An effervescent Heidi Ford (returning as Diana Barry) matches Toulmin's exuberance nicely, and newcomer Sean Hauk may be the strongest Gilbert I've seen to date, a solid triple threat with an appealing presence. Michael Fletcher does justice to the lovable Matthew, and Judy Marshak gives us a distinctively acerbic tongue-in-cheek take on Marilla. Even the bit parts are memorable: Mike Ross's Cecil the Farmer, for instance, boasts a charming goofiness reminiscent of Ed Rashed, and Wade Lynch is so palpably unpleasant as Mr. Phillips that you can practically hear Wicked Witch of the West woodwinds as he rides his bicycle across the stage.

Lucy Maud Montgomery's tale of the unwanted orphan who makes good, as adapted by Harron & Campbell, retains a charm all its own after all these years-and the current version of the show channels that charm most effectively. One suspects Lund and Montgomery are pleased.

The Leight Fantastic

Final Thoughts

Review by Sean McQuaid

It's been a somewhat slow summer for local indie theatre. A reinvigorated Charlottetown Festival is in full swing, but the city's more low-rent venues have been relatively idle this year-with one shining exception: the show is Final Thoughts, its venue is the Arts Guild, and its audiences are lucky. It's one of the finest shows this town has seen in a very long time.

Final Thoughts is a collection of short works written by Tony award-winning playwright Warren Leight and staged by the Gang of Four, a quartet of theatre veterans from New York City. Most of the plays are performed by Alexander R. Scott (who also directed the production) and Ean Sheehy, plus a rotating assortment of local performers in the sole female role. In addition to Scott and Sheehy, Gang personnel include producer & set designer Irene Strang and costume designer Lauren Cordes. Local recruits include technical director Dawn Binkley, lighting designer Paul Druet and sound designer Rob LeClair.

Leight's scripts are compact gems of characterization and observation, capturing an eclectic collection of characters in a disparate array of situations and drawing on everything from post-communist politics to comic book trivia. In one interview, Scott describes the characters as loners and outsiders, desperate or despairing types nearing the ends of their respective ropes. "This may be the last time some of them ever speak," he says, by way of explaining the production's overall title.

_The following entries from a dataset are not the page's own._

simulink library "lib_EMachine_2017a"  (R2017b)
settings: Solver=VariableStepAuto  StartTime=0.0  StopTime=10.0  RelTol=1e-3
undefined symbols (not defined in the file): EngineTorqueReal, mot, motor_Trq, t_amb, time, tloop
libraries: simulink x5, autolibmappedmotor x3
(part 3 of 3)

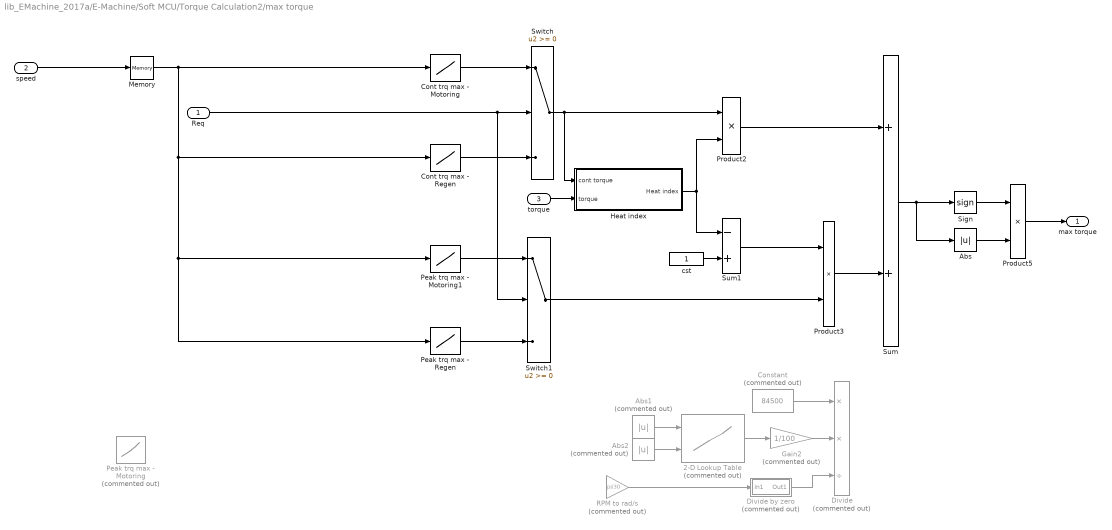
== system lib_EMachine_2017a/E-Machine/Soft MCU/Torque Calculation2/max torque  ==
  Req : Inport
  speed : Inport  Port=2
  torque : Inport  Port=3
  2-D Lookup Table : Lookup_n-D  Commented=on  BreakpointsForDimension1=mot.plant.init.eff_trq.idx2_trq  BreakpointsForDimension2=mot.plant.init.eff_trq.idx1_spd  Table=mot.plant.init.eff_trq.map  InternalRulePriority=Speed  RndMeth=Simplest  InputSameDT=on
  Abs : Abs  SaturateOnIntegerOverflow=on
  Abs1 : Abs  Commented=on
  Abs2 : Abs  Commented=on
  Constant : Constant  Commented=on  Value=84500
  Cont trq max - Motoring : Lookup  InputValues=mot.plant.init.motor.trq_cont.idx1_spd  Table=mot.plant.init.motor.trq_cont.map  LookUpMeth=Interpolation-Use End Values  SaturateOnIntegerOverflow=on
  Cont trq max - Regen : Lookup  InputValues=mot.plant.init.regen.trq_cont.idx1_spd  Table=mot.plant.init.regen.trq_cont.map  LookUpMeth=Interpolation-Use End Values  SaturateOnIntegerOverflow=on
  Divide : Product  Commented=on  Inputs=**/
  Divide by zero : Subsystem  Commented=on
  Gain2 : Gain  Commented=on  Gain=1/100
  Heat index : Subsystem
  Memory : Memory
  Peak trq max - Motoring : Lookup  Commented=on  InputValues=mot.plant.init.regen.trq_max.idx1_spd  Table=mot.plant.init.motor.trq_max.map  LookUpMeth=Interpolation-Use End Values  SaturateOnIntegerOverflow=on
  Peak trq max - Motoring1 : Lookup  InputValues=mot.plant.init.regen.trq_max.idx1_spd  Table=mot.plant.init.motor.trq_max.map  LookUpMeth=Interpolation-Use End Values  SaturateOnIntegerOverflow=on
  Peak trq max - Regen : Lookup  InputValues=mot.plant.init.regen.trq_max.idx1_spd  Table=mot.plant.init.regen.trq_max.map  LookUpMeth=Interpolation-Use End Values  SaturateOnIntegerOverflow=on
  Product2 : Product  SaturateOnIntegerOverflow=on  InputSameDT=on  OutDataTypeStr=Inherit: Same as first input
  Product3 : Product  SaturateOnIntegerOverflow=on  InputSameDT=on  OutDataTypeStr=Inherit: Same as first input
  Product5 : Product  SaturateOnIntegerOverflow=on  InputSameDT=on  OutDataTypeStr=Inherit: Same as first input
  RPM to rad/s : Gain  Commented=on  Gain=pi/30
  Sign : Signum
  Sum : Sum  SaturateOnIntegerOverflow=on  InputSameDT=on  OutDataTypeStr=Inherit: Same as first input
  Sum1 : Sum  Inputs=-+  SaturateOnIntegerOverflow=on  InputSameDT=on  OutDataTypeStr=Inherit: Same as first input
  Switch : Switch  SaturateOnIntegerOverflow=on
  Switch1 : Switch  SaturateOnIntegerOverflow=on
  cst : Constant
  max torque : Outport
  wires:
  Peak trq max - Motoring1/1 -> Switch1/1
  Divide by zero/1(Out1) -> Divide/3
  Req/1 -> Switch1/2, Switch/2
  Gain2/1 -> Divide/2
  2-D Lookup Table/1 -> Gain2/1
  Abs1/1 -> 2-D Lookup Table/1
  Abs2/1 -> 2-D Lookup Table/2
  RPM to rad/s/1 -> Divide by zero/1(In1)
  Constant/1 -> Divide/1
  speed/1 -> Memory/1
  Memory/1 -> Peak trq max - Regen/1, Peak trq max - Motoring1/1, Cont trq max - Regen/1, Cont trq max - Motoring/1
  Sign/1 -> Product5/1
  Product5/1 -> max torque/1
  Sum/1 -> Sign/1, Abs/1
  Abs/1 -> Product5/2
  torque/1 -> Heat index/2(torque)
  Cont trq max - Motoring/1 -> Switch/1
  Cont trq max - Regen/1 -> Switch/3
  Peak trq max - Regen/1 -> Switch1/3
  Switch/1 -> Product2/1, Heat index/1(cont torque)
  Switch1/1 -> Product3/2
  Product2/1 -> Sum/1
  Sum1/1 -> Product3/1
  Product3/1 -> Sum/2
  cst/1 -> Sum1/2
  Heat index/1(Heat index) -> Sum1/1, Product2/2

== system lib_EMachine_2017a/E-Machine/Soft MCU/Torque Calculation3/Subsystem ==
  In1 : Inport
  In2 : Inport  Port=2
  In3 : Inport  Port=3
  Switch : Switch  Criteria=u2 > Threshold  ZeroCross=off
  Torq : Outport
  wires:
  Switch/1 -> Torq/1
  In1/1 -> Switch/1
  In3/1 -> Switch/3
  In2/1 -> Switch/2

== system lib_EMachine_2017a/E-Machine/Soft MCU/Torque Calculation3/Subsystem1 ==
  In1 : Inport
  In2 : Inport  Port=2
  In3 : Inport  Port=3
  Switch : Switch  Criteria=u2 > Threshold  ZeroCross=off
  Current : Outport
  wires:
  In2/1 -> Switch/2
  In3/1 -> Switch/3
  In1/1 -> Switch/1
  Switch/1 -> Current/1

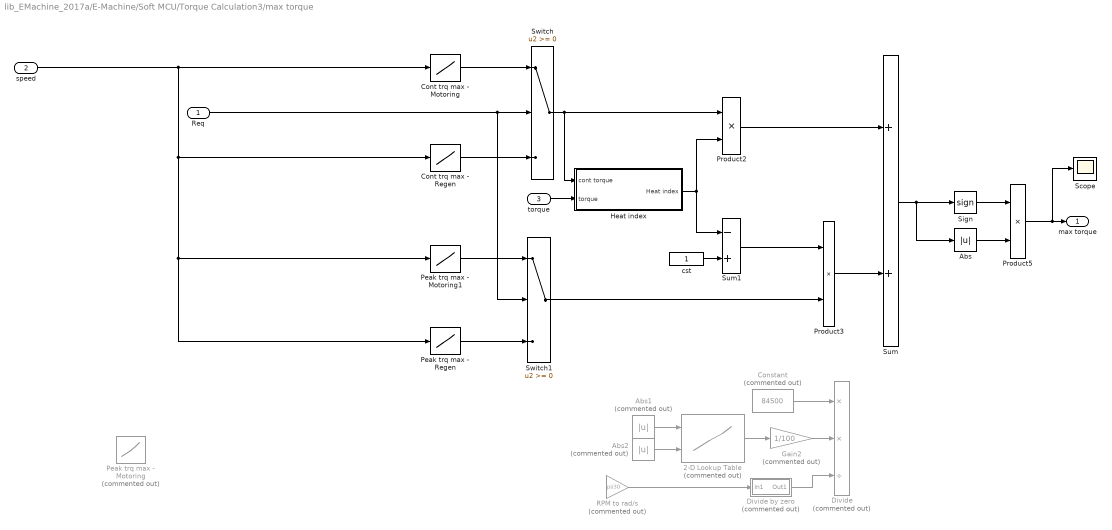
== system lib_EMachine_2017a/E-Machine/Soft MCU/Torque Calculation3/max torque  ==
  Req : Inport
  speed : Inport  Port=2
  torque : Inport  Port=3
  2-D Lookup Table : Lookup_n-D  Commented=on  BreakpointsForDimension1=mot.plant.init.eff_trq.idx2_trq  BreakpointsForDimension2=mot.plant.init.eff_trq.idx1_spd  Table=mot.plant.init.eff_trq.map  InternalRulePriority=Speed  RndMeth=Simplest  InputSameDT=on
  Abs : Abs  ZeroCross=off  SaturateOnIntegerOverflow=on
  Abs1 : Abs  Commented=on
  Abs2 : Abs  Commented=on
  Constant : Constant  Commented=on  Value=84500
  Cont trq max - Motoring : Lookup  InputValues=mot.plant.init.motor.trq_cont.idx1_spd  Table=mot.plant.init.motor.trq_cont.map  LookUpMeth=Interpolation-Use End Values  SaturateOnIntegerOverflow=on
  Cont trq max - Regen : Lookup  InputValues=mot.plant.init.regen.trq_cont.idx1_spd  Table=mot.plant.init.regen.trq_cont.map  LookUpMeth=Interpolation-Use End Values  SaturateOnIntegerOverflow=on
  Divide : Product  Commented=on  Inputs=**/
  Divide by zero : Subsystem  Commented=on
  Gain2 : Gain  Commented=on  Gain=1/100
  Heat index : Subsystem
  Peak trq max - Motoring : Lookup  Commented=on  InputValues=mot.plant.init.regen.trq_max.idx1_spd  Table=mot.plant.init.motor.trq_max.map  LookUpMeth=Interpolation-Use End Values  SaturateOnIntegerOverflow=on
  Peak trq max - Motoring1 : Lookup  InputValues=mot.plant.init.regen.trq_max.idx1_spd  Table=mot.plant.init.motor.trq_max.map  LookUpMeth=Interpolation-Use End Values  SaturateOnIntegerOverflow=on
  Peak trq max - Regen : Lookup  InputValues=mot.plant.init.regen.trq_max.idx1_spd  Table=mot.plant.init.regen.trq_max.map  LookUpMeth=Interpolation-Use End Values  SaturateOnIntegerOverflow=on
  Product2 : Product  SaturateOnIntegerOverflow=on  InputSameDT=on  OutDataTypeStr=Inherit: Same as first input
  Product3 : Product  SaturateOnIntegerOverflow=on  InputSameDT=on  OutDataTypeStr=Inherit: Same as first input
  Product5 : Product  SaturateOnIntegerOverflow=on  InputSameDT=on  OutDataTypeStr=Inherit: Same as first input
  RPM to rad/s : Gain  Commented=on  Gain=pi/30
  Scope : Scope
  Sign : Signum  ZeroCross=off
  Sum : Sum  SaturateOnIntegerOverflow=on  InputSameDT=on  OutDataTypeStr=Inherit: Same as first input
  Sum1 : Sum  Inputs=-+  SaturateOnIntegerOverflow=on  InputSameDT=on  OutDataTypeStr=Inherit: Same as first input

Most of the pieces are monologues: in "Diary of a Voyeur," Sheehy plays a screenwriter struggling with writer's block while nursing an infatuation with a female neighbour he observes from his window; in "The Poem Writer," Scott is a crusty old veteran poet giving a reluctant lecture on his profession; in "Ol' Gator," Sheehy portrays an obnoxiously creepy weatherman whose big mouth costs him his job; in "What I Did Wrong," a woman (played capably if somewhat one-notedly by Kathleen Hamilton this night) muses on why her man left her; and in "Jaguar Jesus," Scott voices a free-ranging meditation inspired by a street musician.

The show also features Scott and Sheehy in a couple of two-handers: "The Final Interrogation of Ceaucescu's Dog" is a brilliant satire depicting a revolutionary (Sheehy) interrogating the dog (Scott) of the fallen dictator Ceaucescu, and the quirkily clever "A Bus for Mr. Morton" (making its world premiere) casts Sheehy as a rookie cop who gets some life lessons from a surprisingly chatty corpse (Scott).

Leight's darkly witty scripts are full of thought-provoking insights into human nature (the writer seems to have a particular knack for concocting self-deluded characters); but above all else, these plays are hysterically funny. All of the above is aided immeasurably by the talents of Scott and Sheehy, whose comedic sensibilities, measured subtlety, finely honed timing and expansive range make Leight's characters both human and hilarious.

The sets are extremely simple (assorted furnishings and dressing) but effective, and the production makes practical use of the awkward Arts Guild space by framing the various plays in and around the hall's existing pillars. There are minor glitches here and there (Scott calls for a line once and Sheehy has trouble staying in his light a time or two), but overall, this is a very professional, very polished show, and a rare opportunity for Islanders to see some first-rate New York City theatre right here in Charlottetown. Don't miss it.